ASSIGNED TASK: Go through the data line by line. Copy each one holding the string "PRIVATE".

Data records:
++++
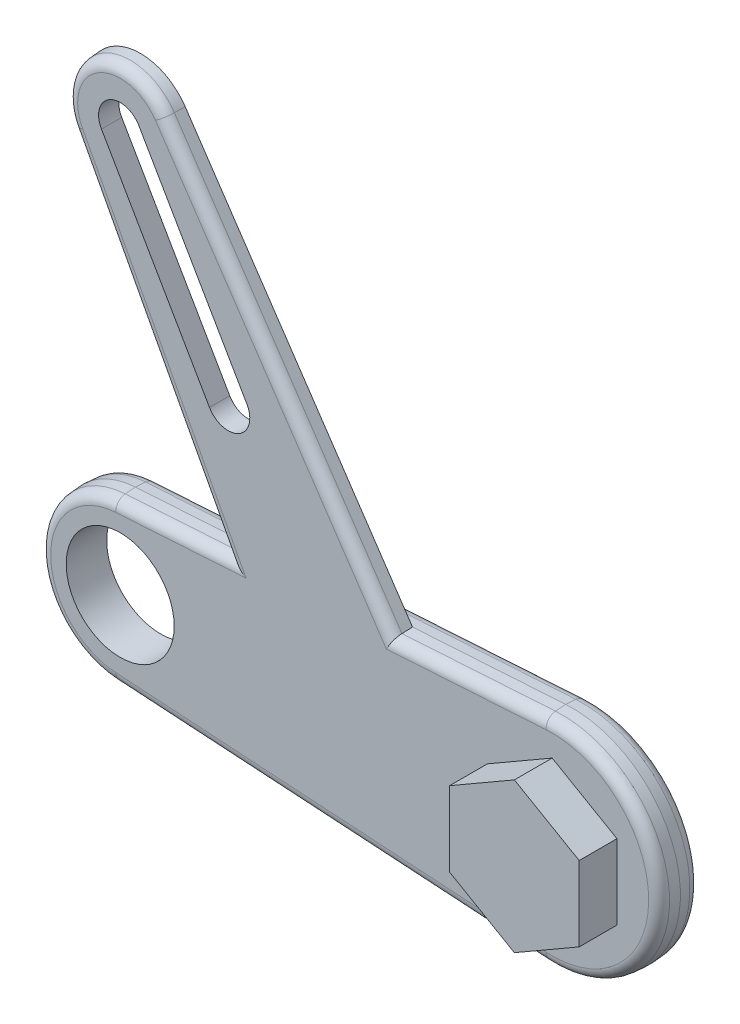
from build123d import *

# Parameters (mm, degrees)
EXTRUDE_366_DEPTH           = 3.75
EXTRUDE_366_TAPER           = 4.000000000000009
EXTRUDE_366_OTHER_WAY_DEPTH = 3.75
EXTRUDE_366_OTHER_WAY_TAPER = 4.000000000000009
EXTRUDE_746_DEPTH           = 3.75
EXTRUDE_746_TAPER           = 4.000000000000009
CUT_EXTRUDE_1239_DEPTH      = 10
SKETCH_4_R                  = 10
CUT_EXTRUDE_1_DEPTH         = 10
EXTRUDE_1783_DEPTH          = 7
FILLET_2_R                  = 2
FILLET_3_R                  = 2


with BuildPart() as part:
    # Эскиз1 → Extrude 366 (new body)
    with BuildSketch(Plane.XY):
        with BuildLine():
            ThreePointArc((-0.9374999999999997, 14.970674458754353), (-15.000000000000044, 1.84e-15), (-0.9374999999999997, -14.970674458754353))
            Line((-0.9374999999999997, -14.970674458754353), (78.75, -19.960899278339134))
            ThreePointArc((78.75, -19.960899278339134), (100, 0), (78.75, 19.960899278339134))
            Line((78.75, 19.960899278339134), (-0.9374999999999997, 14.970674458754353))
        make_face()
    extrude(amount=EXTRUDE_366_DEPTH, taper=EXTRUDE_366_TAPER)

    # Эскиз1 → Extrude 366 other way (add)
    with BuildSketch(Plane.XY):
        with BuildLine():
            ThreePointArc((-0.9374999999999997, 14.970674458754353), (-15.000000000000044, 1.84e-15), (-0.9374999999999997, -14.970674458754353))
            Line((-0.9374999999999997, -14.970674458754353), (78.75, -19.960899278339134))
            ThreePointArc((78.75, -19.960899278339134), (100, 0), (78.75, 19.960899278339134))
            Line((78.75, 19.960899278339134), (-0.9374999999999997, 14.970674458754353))
        make_face()
    extrude(amount=-EXTRUDE_366_OTHER_WAY_DEPTH, taper=EXTRUDE_366_OTHER_WAY_TAPER)

    # Эскиз2 → Extrude 746 (add)
    with BuildSketch(Plane.XY):
        with BuildLine():
            Line((-8.829475928589163, 70.3052843721409), (28.552506867722524, 0))
            Line((28.552506867722524, 0), (62.650318248221396, 1.896e-14))
            Line((62.650318248221396, 1.896e-14), (8.2903757255504, 80.59192903470749))
            ThreePointArc((8.2903757255504, 80.59192903470749), (-5.150380749100648, 83.57167300702106), (-8.829475928589163, 70.3052843721409))
        make_face()
    extrude(amount=EXTRUDE_746_DEPTH, taper=EXTRUDE_746_TAPER)

    # Эскиз3 → Cut-Extrude 1239 (cut)
    with BuildSketch(Plane.XY.offset(3.75)):
        with BuildLine():
            Line((3.464101615137748, 77.00000000000001), (23.464101615137906, 42.35898384862258))
            ThreePointArc((23.464101615137906, 42.35898384862258), (22.00000000000019, 36.89488223348481), (16.53589838486241, 38.358983848622536))
            Line((16.53589838486241, 38.358983848622536), (-3.464101615137746, 72.99999999999997))
            ThreePointArc((-3.464101615137746, 72.99999999999997), (-2.00000000000002, 78.46410161513775), (3.464101615137748, 77.00000000000001))
        make_face()
    extrude(amount=-CUT_EXTRUDE_1239_DEPTH, mode=Mode.SUBTRACT)

    # Эскиз4 → отверстие1 (cut)
    with BuildSketch(Plane.XY.offset(3.75)):
        Circle(SKETCH_4_R)
    extrude(amount=-CUT_EXTRUDE_1_DEPTH, mode=Mode.SUBTRACT)

    # Эскиз5 → Extrude 1783 (add)
    with BuildSketch(Plane.XY.offset(3.75)):
        Polygon((79.99999999999999, 13.856406460551018), (68, 6.928203230275526), (68, -6.9282032302754955), (80, -13.856406460551012), (92, -6.928203230275516), (92, 6.928203230275502), align=None)
    extrude(amount=EXTRUDE_1783_DEPTH)

    # Скругление2
    fillet_2_edges = [part.edges().sort_by_distance(p)[0] for p in [
        (99.73777445521183, -1.332e-14, -3.75),
        (99.73777445521183, -3.77e-15, 3.7499999999999996),
        (9.700092064405581, 15.374087104269854, 3.7499999999999987),
        (-14.737774455211877, -5.44e-15, 3.7499999999999996),
        (38.922639096549254, -17.204073984160544, 3.750000000000001),
        (38.922639096549226, 17.20407398416053, -3.75),
        (64.50880005583919, 18.806341534992715, 3.7499999999999996),
        (-14.737774455211884, -4.44e-15, -3.75),
        (38.92263909654925, -17.204073984160534, -3.75),
    ]]
    fillet(fillet_2_edges, radius=FILLET_2_R)

    # Скругление3
    fillet_3_edges = [part.edges().sort_by_distance(p)[0] for p in [
        (6.342464766178029, 42.32956867017836, 3.7500000000000004),
        (-5.0153246093207, 83.34690184461985, 3.7499999999999996),
        (29.766776124769358, 48.282920306520026, 3.7499999999999885),
    ]]
    fillet(fillet_3_edges, radius=FILLET_3_R)


solid = part.part
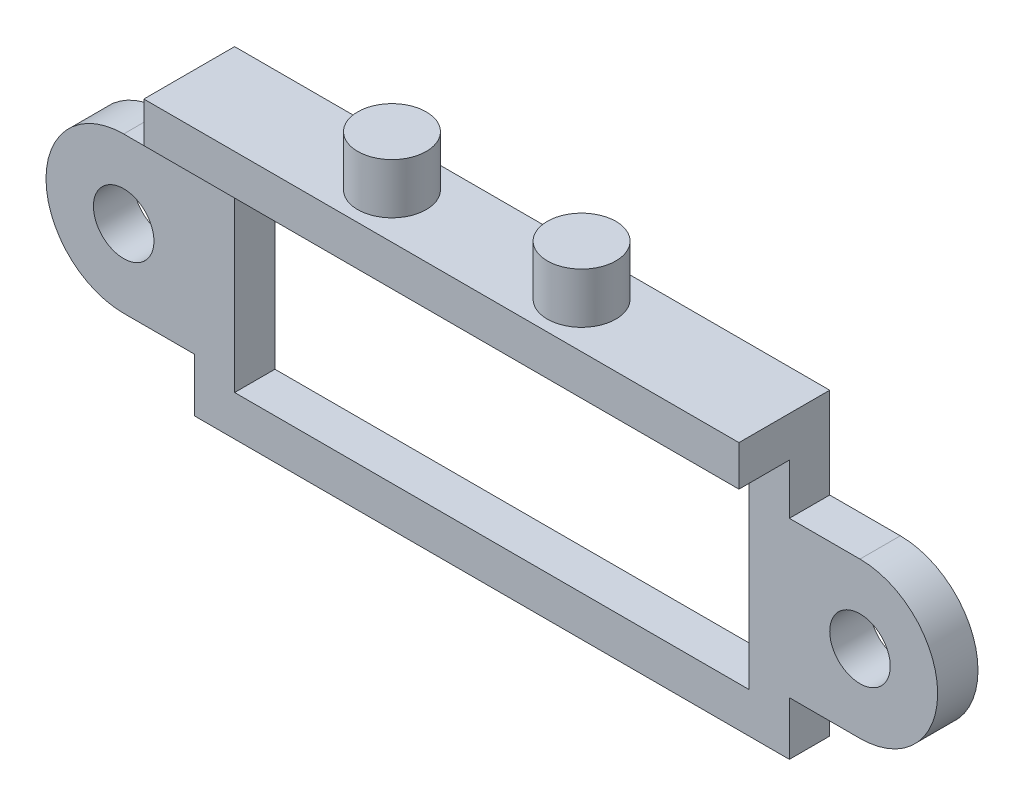
from build123d import *

# Parameters (mm, degrees)
SKETCH1_R           = 1.5
SKETCH1_W           = 25.5
SKETCH1_H           = 10.85
BOSS_EXTRUDE1_DEPTH = 2
SKETCH2_W           = 29.5
SKETCH2_H           = 2
BOSS_EXTRUDE2_DEPTH = 2.5
SKETCH3_R           = 1.7
BOSS_EXTRUDE3_DEPTH = 2.5


with BuildPart() as part:
    # Sketch1 → Boss-Extrude1 (new body)
    with BuildSketch(Plane.XY):
        with BuildLine():
            Line((-14.75, 5.675), (-14.75, 1.175))
            Line((-14.75, 1.175), (-18.25, 1.175))
            ThreePointArc((-18.25, 1.175), (-22.1, -2.675), (-18.25, -6.525))
            Line((-18.25, -6.525), (-14.75, -6.525))
            Line((-14.75, -6.525), (-14.75, -9.175))
            Line((-14.75, -9.175), (14.75, -9.175))
            Line((14.75, -9.175), (14.75, -6.525))
            Line((14.75, -6.525), (18.25, -6.525))
            ThreePointArc((18.25, -6.525), (22.1, -2.675), (18.25, 1.175))
            Line((18.25, 1.175), (14.75, 1.175))
            Line((14.75, 1.175), (14.75, 5.675))
            Line((14.75, 5.675), (-14.75, 5.675))
        make_face()
        with Locations((-18.25, -2.675)):
            Circle(SKETCH1_R, mode=Mode.SUBTRACT)
        with Locations(Location((18.25, -2.675, 0), (0, 0, 180))):
            Circle(SKETCH1_R, mode=Mode.SUBTRACT)
        with Locations((0, -1.75)):
            Rectangle(SKETCH1_W, SKETCH1_H, mode=Mode.SUBTRACT)
    extrude(amount=BOSS_EXTRUDE1_DEPTH)

    # Sketch2 → Boss-Extrude2 (add)
    with BuildSketch(Plane.XY.offset(2)):
        with Locations((0, 4.675)):
            Rectangle(SKETCH2_W, SKETCH2_H)
    extrude(amount=BOSS_EXTRUDE2_DEPTH)

    # Sketch3 → Boss-Extrude3 (add)
    with BuildSketch(Plane(origin=(0, 5.675, 0), x_dir=(1, 0, 0), z_dir=(0, 1, 0))):
        with Locations((-4.7, -2.25)):
            Circle(SKETCH3_R)
        with Locations((4.7, -2.25)):
            Circle(SKETCH3_R)
    extrude(amount=BOSS_EXTRUDE3_DEPTH)


solid = part.part
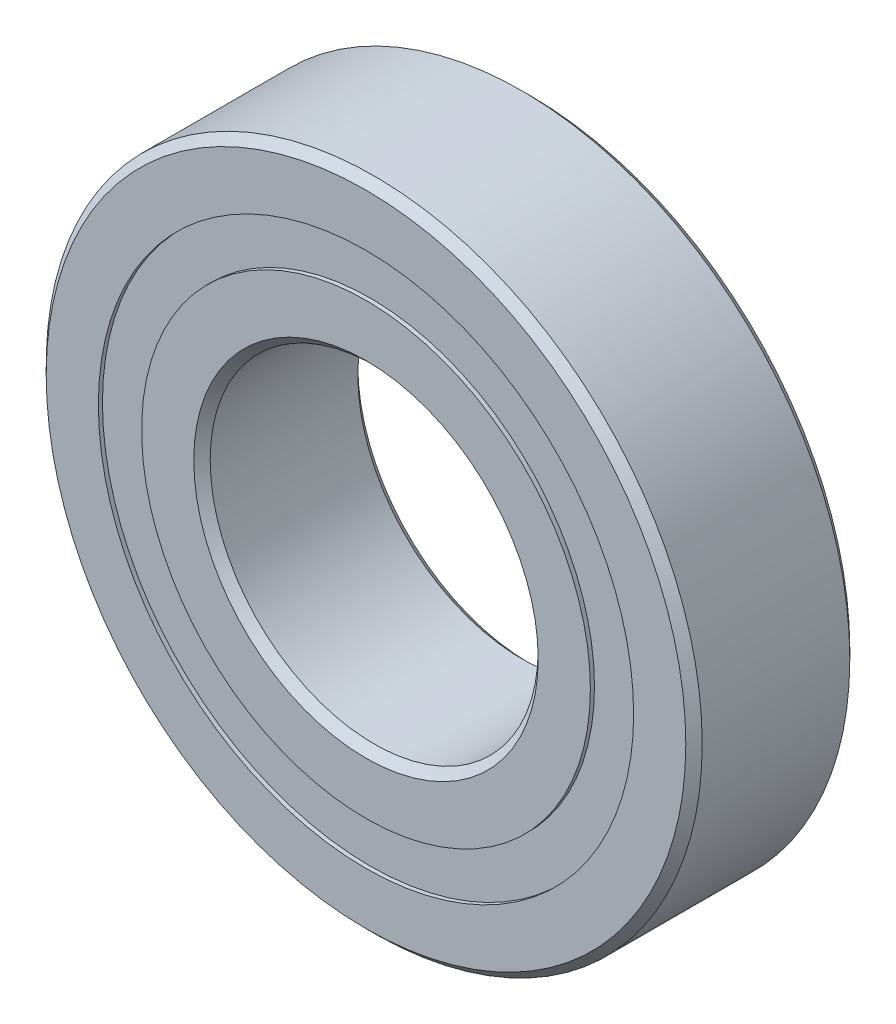
from build123d import *

# Parameters (mm, degrees)
CIRPATTERN1_COUNT = 12
SKETCH5_W         = 2.750786573
SKETCH5_H         = 3.34945055


with BuildPart() as part:
    # Sketch1 → Revolve1 (revolve)
    with BuildSketch(Plane(origin=(0, 0, 0), x_dir=(0, 0, -1), z_dir=(1, 0, 0)), mode=Mode.PRIVATE) as revolve1_sk:
        with BuildLine():
            Line((5.715, 25.4), (-5.715, 25.4))
            Line((-5.715, 25.4), (-6.35, 24.765))
            Line((-6.35, 24.765), (-6.35, 20.724725275))
            Line((-6.35, 20.724725275), (-2.822222222, 20.724725275))
            ThreePointArc((-2.822222222, 20.724725275), (0, 22.331713427), (2.822222222, 20.724725275))
            Line((2.822222222, 20.724725275), (6.35, 20.724725275))
            Line((6.35, 20.724725275), (6.35, 24.765))
            Line((6.35, 24.765), (5.715, 25.4))
        make_face()
    revolve(revolve1_sk.sketch.rotate(Axis((0, 0, 6.35), (0, 0, -1)), 90), axis=Axis((0, 0, 6.35), (0, 0, -1)))


with BuildPart() as body_2:
    # Sketch3 → Revolve3 (revolve)
    with BuildSketch(Plane(origin=(0, 0, 0), x_dir=(0, 0, -1), z_dir=(1, 0, 0)), mode=Mode.PRIVATE) as revolve3_sk:
        with BuildLine():
            Line((-6.35, 17.375274725), (-2.822222222, 17.375274725))
            ThreePointArc((-2.822222222, 17.375274725), (0, 15.768286573), (2.822222222, 17.375274725))
            Line((2.822222222, 17.375274725), (6.35, 17.375274725))
            Line((6.35, 17.375274725), (6.35, 13.335))
            Line((6.35, 13.335), (5.715, 12.7))
            Line((5.715, 12.7), (-5.715, 12.7))
            Line((-5.715, 12.7), (-6.35, 13.335))
            Line((-6.35, 13.335), (-6.35, 17.375274725))
        make_face()
    revolve(revolve3_sk.sketch.rotate(Axis((0, 0, 6.35), (0, 0, -1)), 90), axis=Axis((0, 0, 6.35), (0, 0, -1)))


with BuildPart() as body_3:
    # Sketch4 → Revolve4 (revolve)
    with BuildSketch(Plane(origin=(0, 0, 0), x_dir=(0, 0, -1), z_dir=(1, 0, 0))):
        with BuildLine():
            Line((-3.281713427, 19.05), (3.281713427, 19.05))
            ThreePointArc((3.281713427, 19.05), (0, 22.331713427), (-3.281713427, 19.05))
        make_face()
    revolve(axis=Axis((0, 19.05, 3.281713427), (0, 0, -1)))


with BuildPart() as cirpattern1_1:
    # CirPattern1: pattern copy
    add(body_3.part.rotate(Axis((0, 0, 0), (0, 0, 1)), 1 * 360 / CIRPATTERN1_COUNT))


with BuildPart() as cirpattern1_2:
    # CirPattern1: pattern copy
    add(body_3.part.rotate(Axis((0, 0, 0), (0, 0, 1)), 2 * 360 / CIRPATTERN1_COUNT))


with BuildPart() as cirpattern1_3:
    # CirPattern1: pattern copy
    add(body_3.part.rotate(Axis((0, 0, 0), (0, 0, 1)), 3 * 360 / CIRPATTERN1_COUNT))


with BuildPart() as cirpattern1_4:
    # CirPattern1: pattern copy
    add(body_3.part.rotate(Axis((0, 0, 0), (0, 0, 1)), 4 * 360 / CIRPATTERN1_COUNT))


with BuildPart() as cirpattern1_5:
    # CirPattern1: pattern copy
    add(body_3.part.rotate(Axis((0, 0, 0), (0, 0, 1)), 5 * 360 / CIRPATTERN1_COUNT))


with BuildPart() as cirpattern1_6:
    # CirPattern1: pattern copy
    add(body_3.part.rotate(Axis((0, 0, 0), (0, 0, 1)), 6 * 360 / CIRPATTERN1_COUNT))


with BuildPart() as cirpattern1_7:
    # CirPattern1: pattern copy
    add(body_3.part.rotate(Axis((0, 0, 0), (0, 0, 1)), 7 * 360 / CIRPATTERN1_COUNT))


with BuildPart() as cirpattern1_8:
    # CirPattern1: pattern copy
    add(body_3.part.rotate(Axis((0, 0, 0), (0, 0, 1)), 8 * 360 / CIRPATTERN1_COUNT))


with BuildPart() as cirpattern1_9:
    # CirPattern1: pattern copy
    add(body_3.part.rotate(Axis((0, 0, 0), (0, 0, 1)), 9 * 360 / CIRPATTERN1_COUNT))


with BuildPart() as cirpattern1_10:
    # CirPattern1: pattern copy
    add(body_3.part.rotate(Axis((0, 0, 0), (0, 0, 1)), 10 * 360 / CIRPATTERN1_COUNT))


with BuildPart() as cirpattern1_11:
    # CirPattern1: pattern copy
    add(body_3.part.rotate(Axis((0, 0, 0), (0, 0, 1)), 11 * 360 / CIRPATTERN1_COUNT))


with BuildPart() as body_15:
    # Sketch5 → Revolve5 (revolve)
    with BuildSketch(Plane(origin=(0, 0, 0), x_dir=(0, 0, -1), z_dir=(1, 0, 0)), mode=Mode.PRIVATE) as revolve5_sk:
        with Locations((-4.657106714, 19.05)):
            Rectangle(SKETCH5_W, SKETCH5_H)
        with Locations((4.657106714, 19.05)):
            Rectangle(SKETCH5_W, SKETCH5_H)
    revolve(revolve5_sk.sketch.rotate(Axis((0, 0, 6.35), (0, 0, -1)), 90), axis=Axis((0, 0, 6.35), (0, 0, -1)))


solid = Compound([part.part, body_2.part, body_3.part, cirpattern1_1.part, cirpattern1_2.part, cirpattern1_3.part, cirpattern1_4.part, cirpattern1_5.part, cirpattern1_6.part, cirpattern1_7.part, cirpattern1_8.part, cirpattern1_9.part, cirpattern1_10.part, cirpattern1_11.part, body_15.part])
++++
ANSWER SPACE:
    with BuildSketch(Plane(origin=(0, 0, 0), x_dir=(0, 0, -1), z_dir=(1, 0, 0)), mode=Mode.PRIVATE) as revolve1_sk:
    with BuildSketch(Plane(origin=(0, 0, 0), x_dir=(0, 0, -1), z_dir=(1, 0, 0)), mode=Mode.PRIVATE) as revolve3_sk:
    with BuildSketch(Plane(origin=(0, 0, 0), x_dir=(0, 0, -1), z_dir=(1, 0, 0)), mode=Mode.PRIVATE) as revolve5_sk:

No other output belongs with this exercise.